Swartz Alexander, Skelton Alice E, Mather George, Bosten Jenny M, Maule John, Franklin Anna
The Sussex Colour Group, The School of Psychology, University of Sussex, Brighton, BN1 9RH, UK.
Nature and Development Lab, The School of Psychology, University of Sussex, Brighton, BN1 9RH, UK.
Sci Rep. 2024 Aug 21;14(1):19368. doi: 10.1038/s41598-024-69689-6.
Aesthetic judgements are partly predicted by image statistics, although the extent to which they are calibrated to the statistics of real-world scenes and the 'visual diet' of daily life is unclear. Here, we investigated the extent to which the beauty ratings of Western oil paintings from the JenAesthetics dataset can be accounted for by real-world scene statistics. We computed spatial and chromatic image statistics for the paintings and a set of real-world scenes captured by a head-mounted camera as participants went about daily lives. Partial least squares regression (PLSR) indicated that 6-15% of the variance in beauty ratings of the art can be accounted for by the art's image statistics. The luminance contrast of paintings made an important contribution to the PLSR models: paintings were perceived as more beautiful the greater the variation in luminance. PLSR models which expressed the art's image statistics relative to real-world scene statistics explained a similar amount of variance to models using the art's image statistics. The importance of an image statistic to perceived beauty was not related to how closely art reproduces the value from the real world. The findings suggest that beauty judgements of art are not strongly calibrated to the scene statistics of the real world.
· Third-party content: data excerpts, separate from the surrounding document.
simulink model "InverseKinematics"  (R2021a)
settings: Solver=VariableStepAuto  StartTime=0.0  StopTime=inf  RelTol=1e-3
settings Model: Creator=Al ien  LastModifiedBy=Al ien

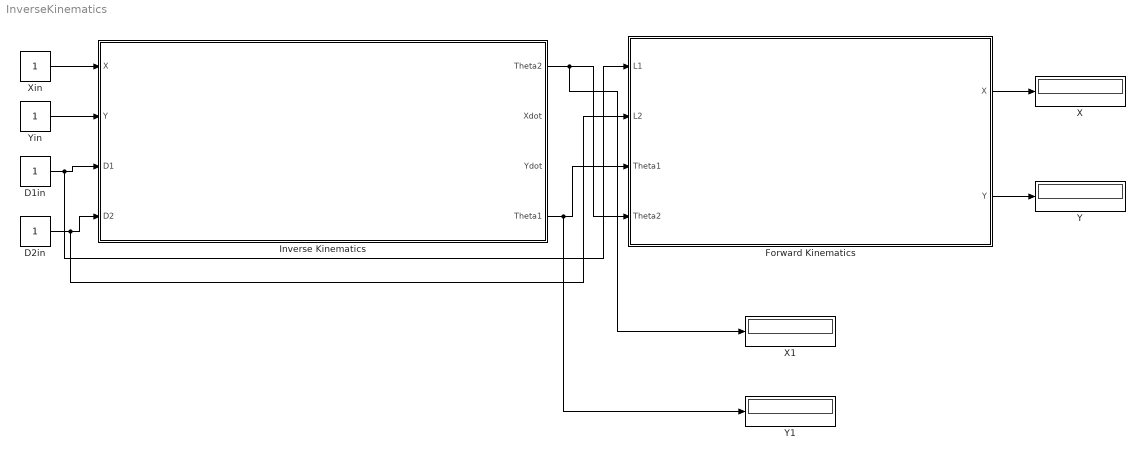
== system InverseKinematics ==
  D1in : Constant
  D2in : Constant
  Forward Kinematics : Subsystem
  Inverse Kinematics : Subsystem
  X : Display
  X1 : Display
  Xin : Constant
  Y : Display
  Y1 : Display
  Yin : Constant
  wires:
  Inverse Kinematics/1(Theta2) -> X1/1, Forward Kinematics/4(Theta2)
  Inverse Kinematics/4(Theta1) -> Y1/1, Forward Kinematics/3(Theta1)
  Forward Kinematics/1(X) -> X/1
  Forward Kinematics/2(Y) -> Y/1
  Yin/1 -> Inverse Kinematics/2(Y)
  Xin/1 -> Inverse Kinematics/1(X)
  D1in/1 -> Forward Kinematics/1(L1), Inverse Kinematics/3(D1)
  D2in/1 -> Forward Kinematics/2(L2), Inverse Kinematics/4(D2)

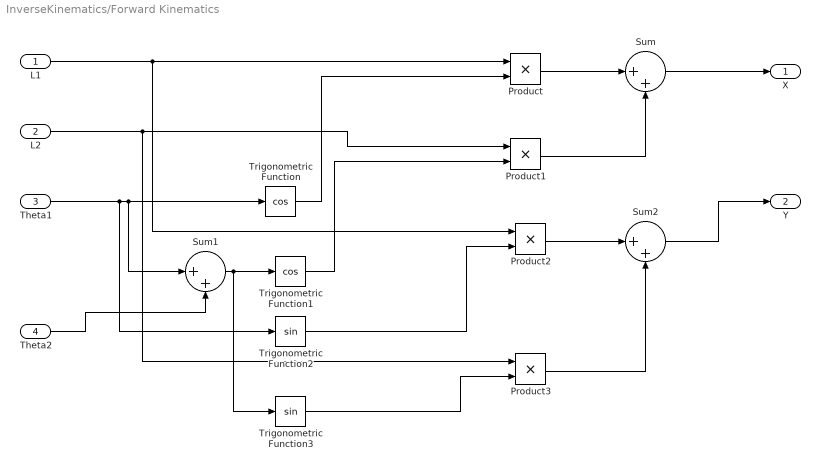
== system InverseKinematics/Forward Kinematics ==
  L1 : Inport
  L2 : Inport  Port=2
  Theta1 : Inport  Port=3
  Theta2 : Inport  Port=4
  Product{,1..3} (4 alike) : Product
  Sum : Sum  Inputs=|++
  Sum1 : Sum  Inputs=|++
  Sum2 : Sum  Inputs=|++
  Trigonometric Function : Trigonometry  Operator=cos
  Trigonometric Function1 : Trigonometry  Operator=cos
  Trigonometric Function2 : Trigonometry
  Trigonometric Function3 : Trigonometry
  X : Outport
  Y : Outport  Port=2
  wires:
  L1/1 -> Product2/1, Product/1
  Theta1/1 -> Trigonometric Function2/1, Sum1/1, Trigonometric Function/1
  Product2/1 -> Sum2/1
  Trigonometric Function1/1 -> Product1/2
  L2/1 -> Product3/1, Product1/1
  Sum2/1 -> Y/1
  Product/1 -> Sum/1
  Sum1/1 -> Trigonometric Function3/1, Trigonometric Function1/1
  Theta2/1 -> Sum1/2
  Trigonometric Function3/1 -> Product3/2
  Product1/1 -> Sum/2
  Trigonometric Function2/1 -> Product2/2
  Sum/1 -> X/1
  Trigonometric Function/1 -> Product/2
  Product3/1 -> Sum2/2

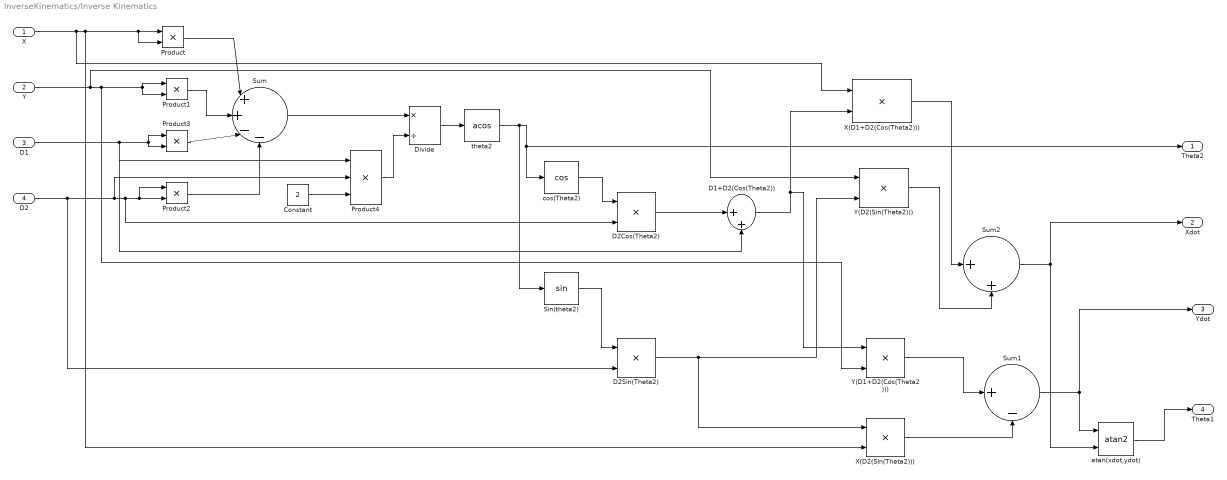
== system InverseKinematics/Inverse Kinematics ==
  X : Inport
  Y : Inport  Port=2
  D1 : Inport  Port=3
  D2 : Inport  Port=4
  Constant : Constant  Value=2
  D1+D2(Cos(Theta2)) : Sum  Inputs=|++
  D2Cos(Theta2) : Product
  D2Sin(Theta2) : Product
  Divide : Product  Inputs=*/
  Product{,1..3} (4 alike) : Product
  Product4 : Product  Inputs=3
  Sin(theta2) : Trigonometry
  Sum : Sum  Inputs=|++--
  Sum1 : Sum  Inputs=|+-
  Sum2 : Sum  Inputs=|++
  X(D1+D2(Cos(Theta2))) : Product
  X(D2(Sin(Theta2))) : Product
  Y(D1+D2(Cos(Theta2))) : Product
  Y(D2(Sin(Theta2))) : Product
  atan(xdot,ydot) : Trigonometry  Operator=atan2
  cos(Theta2) : Trigonometry  Operator=cos
  theta2 : Trigonometry  Operator=acos
  Theta2 : Outport
  Xdot : Outport  Port=2
  Ydot : Outport  Port=3
  Theta1 : Outport  Port=4
  wires:
  D2Sin(Theta2)/1 -> X(D2(Sin(Theta2)))/1, Y(D2(Sin(Theta2)))/2
  Product1/1 -> Sum/2
  Sum/1 -> Divide/1
  Divide/1 -> theta2/1
  Product/1 -> Sum/1
  Sin(theta2)/1 -> D2Sin(Theta2)/1
  D1+D2(Cos(Theta2))/1 -> Y(D1+D2(Cos(Theta2)))/1, X(D1+D2(Cos(Theta2)))/2
  Product4/1 -> Divide/2
  Product3/1 -> Sum/3
  Y(D2(Sin(Theta2)))/1 -> Sum2/2
  Y(D1+D2(Cos(Theta2)))/1 -> Sum1/1
  D1/1 -> D1+D2(Cos(Theta2))/2, Product3/2, Product3/1, Product4/1
  D2/1 -> D2Sin(Theta2)/2, Product4/2, D2Cos(Theta2)/2, Product2/1, Product2/2
  X/1 -> X(D1+D2(Cos(Theta2)))/1, X(D2(Sin(Theta2)))/2, Product/2, Product/1
  Sum1/1 -> Ydot/1, atan(xdot,ydot)/1
  cos(Theta2)/1 -> D2Cos(Theta2)/1
  Sum2/1 -> Xdot/1, atan(xdot,ydot)/2
  X(D2(Sin(Theta2)))/1 -> Sum1/2
  theta2/1 -> Sin(theta2)/1, Theta2/1, cos(Theta2)/1
  Y/1 -> Y(D2(Sin(Theta2)))/1, Y(D1+D2(Cos(Theta2)))/2, Product1/1, Product1/2
  X(D1+D2(Cos(Theta2)))/1 -> Sum2/1
  D2Cos(Theta2)/1 -> D1+D2(Cos(Theta2))/1
  Product2/1 -> Sum/4
  Constant/1 -> Product4/3
  atan(xdot,ydot)/1 -> Theta1/1

审美判断部分由图像统计数据预测,尽管它们与现实世界场景的统计数据以及日常生活的“视觉体验”的校准程度尚不清楚。在这里,我们研究了来自JenAesthetics数据集的西方油画的美感评分在多大程度上可以由现实世界场景统计数据来解释。我们计算了这些油画以及参与者在日常生活中佩戴头戴式相机拍摄的一组现实世界场景的空间和色彩图像统计数据。偏最小二乘回归(PLSR)表明,艺术作品美感评分中6%-15%的方差可以由其图像统计数据来解释。油画的亮度对比度对PLSR模型有重要贡献:亮度变化越大,油画被认为越美。相对于现实世界场景统计数据来表达艺术作品图像统计数据的PLSR模型,与使用艺术作品图像统计数据的模型解释的方差量相似。图像统计数据对感知美的重要性与艺术对现实世界价值的再现程度无关。研究结果表明,艺术作品的审美判断并未与现实世界的场景统计数据紧密校准。